One alternative to the politically vexing territory of mandates is market incentives. In 2022, Insurance Commissioner Lara issued a rule requiring insurance companies to offer discounts for fire mitigation, and insurers are starting to comply. As of 2025, discounts for hardened homes in the highest-risk areas top out at around 13% and adoption remains uneven. Still, this is a hopeful development. If mitigation continues to prove effective, and insurers gather more data, we could see the kind of widespread premium adjustments that eventually transformed windproofing efforts in hurricane-prone parts of the Southeast. Alabama, for instance, now has a robust system of insurance incentives for wind-hardened homes—but it took time, disasters, and buy-in from both the public and insurers. Hopefully a new state program offering fire risk mitigation grants to lower income homeowners will speed the process along.
Finally, while much of the focus has been on individual homes, community-level vulnerability matters too. Shared defensible space strategies—such as neighborhood-scale fuel breaks or coordinated vegetation removal—is just as important when it comes to reducing risk in the wildland-urban interface than household-by-household efforts.
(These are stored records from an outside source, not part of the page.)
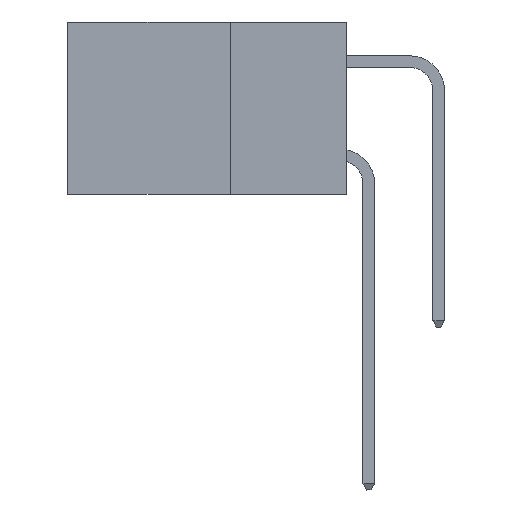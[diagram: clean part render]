
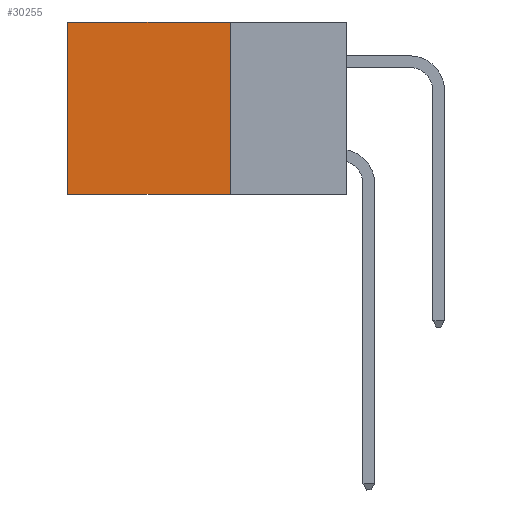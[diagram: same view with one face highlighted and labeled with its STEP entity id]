
A CAD part, left-side view. The second image highlights one B-rep face of the part: STEP entity #30255.
In plain terms, the highlighted planar face has unit normal (-1, 0, 0).
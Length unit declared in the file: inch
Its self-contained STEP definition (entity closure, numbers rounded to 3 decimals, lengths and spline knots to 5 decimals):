
#348 = VERTEX_POINT ( 'NONE', #10802 ) ;
#1206 = CARTESIAN_POINT ( 'NONE',  ( 0.2875, 0.25, 0. ) ) ;
#1921 = VECTOR ( 'NONE', #30288, 39.37008 ) ;
#4681 = EDGE_CURVE ( 'NONE', #19000, #29378, #31985, .T. ) ;
#5032 = DIRECTION ( 'NONE',  ( 1., 0., 0. ) ) ;
#6485 = EDGE_CURVE ( 'NONE', #29378, #12026, #27161, .T. ) ;
#6731 = VECTOR ( 'NONE', #34217, 39.37008 ) ;
#9121 = LINE ( 'NONE', #19174, #1921 ) ;
#9822 = ORIENTED_EDGE ( 'NONE', *, *, #4681, .F. ) ;
#9982 = CARTESIAN_POINT ( 'NONE',  ( 0.2875, 0.25, -0.37 ) ) ;
#10748 = FACE_OUTER_BOUND ( 'NONE', #27611, .T. ) ;
#10802 = CARTESIAN_POINT ( 'NONE',  ( 0.2875, 0.6, 0. ) ) ;
#10905 = EDGE_CURVE ( 'NONE', #348, #12026, #35286, .T. ) ;
#12026 = VERTEX_POINT ( 'NONE', #22882 ) ;
#12740 = EDGE_CURVE ( 'NONE', #19000, #348, #9121, .T. ) ;
#13282 = VECTOR ( 'NONE', #24494, 39.37008 ) ;
#14138 = ORIENTED_EDGE ( 'NONE', *, *, #10905, .T. ) ;
#14485 = DIRECTION ( 'NONE',  ( 0., 0., -1. ) ) ;
#15647 = VECTOR ( 'NONE', #14485, 39.37008 ) ;
#17063 = CARTESIAN_POINT ( 'NONE',  ( 0.2875, 0.25, -0.37 ) ) ;
#17558 = CARTESIAN_POINT ( 'NONE',  ( 0.2875, 0.25, 0. ) ) ;
#19000 = VERTEX_POINT ( 'NONE', #1206 ) ;
#19174 = CARTESIAN_POINT ( 'NONE',  ( 0.2875, 0.25, 0. ) ) ;
#20976 = DIRECTION ( 'NONE',  ( 0., 0., -1. ) ) ;
#22882 = CARTESIAN_POINT ( 'NONE',  ( 0.2875, 0.6, -0.37 ) ) ;
#23596 = PLANE ( 'NONE',  #23785 ) ;
#23785 = AXIS2_PLACEMENT_3D ( 'NONE', #34789, #5032, #20976 ) ;
#24494 = DIRECTION ( 'NONE',  ( 0., 0., -1. ) ) ;
#25568 = ORIENTED_EDGE ( 'NONE', *, *, #6485, .F. ) ;
#27161 = LINE ( 'NONE', #9982, #6731 ) ;
#27611 = EDGE_LOOP ( 'NONE', ( #14138, #25568, #9822, #29611 ) ) ;
#27710 = CARTESIAN_POINT ( 'NONE',  ( 0.2875, 0.6, 0. ) ) ;
#29378 = VERTEX_POINT ( 'NONE', #17063 ) ;
#29611 = ORIENTED_EDGE ( 'NONE', *, *, #12740, .T. ) ;
#30255 = ADVANCED_FACE ( 'NONE', ( #10748 ), #23596, .F. ) ;
#30288 = DIRECTION ( 'NONE',  ( 0., 1., 0. ) ) ;
#31985 = LINE ( 'NONE', #17558, #13282 ) ;
#34217 = DIRECTION ( 'NONE',  ( 0., 1., 0. ) ) ;
#34789 = CARTESIAN_POINT ( 'NONE',  ( 0.2875, 0.25, 0. ) ) ;
#35286 = LINE ( 'NONE', #27710, #15647 ) ;

The rebuilding of the town of Paradise, which was levelled in the 2018 Camp Fire that took the lives of 85 people and destroyed 17,000 structures, may provide a roadmap for high risk areas in the years ahead. Despite extensive grumbling, the town now mandates that all new construction conforms to rigorous wildfire safe design standards and has promulgated an ordinance setting out strict defensible space requirements. Paradise’s parks department has also invested in a Wildland Buffer Project - essentially an enormous fuel break ringing the town. With all of these measures in place, homeowners have not only been able to get private insurance, but seen their premiums go down. The rebuilding of Paradise looks to be a wildfire resilience success story in the making.
The Next Fire
Hopefully it will not take devastation on the scale of Paradise for every high-risk municipality in California to take wildfire resilience as seriously. Unfortunately, it seems that this is what it might take. In a recent report for the New York Times, David Wallace-Wells relates how the state has waived building codes in order to hasten rebuilding in burnt areas, which is now progressing with flammable stick-frame construction; meanwhile, civil opposition to home-hardening and zone zero mandates in the areas most at risk remains ferocious. It is likely that in the long term, insurance market reforms will solve some of these vulnerability problems. But in the short term, aggressive hazard mitigation will be needed. The state must redouble its efforts to risk-target and streamline permitting for fuel reduction projects while reducing bureaucratic kludge that slows down execution. Otherwise, California may have another disaster on its hands.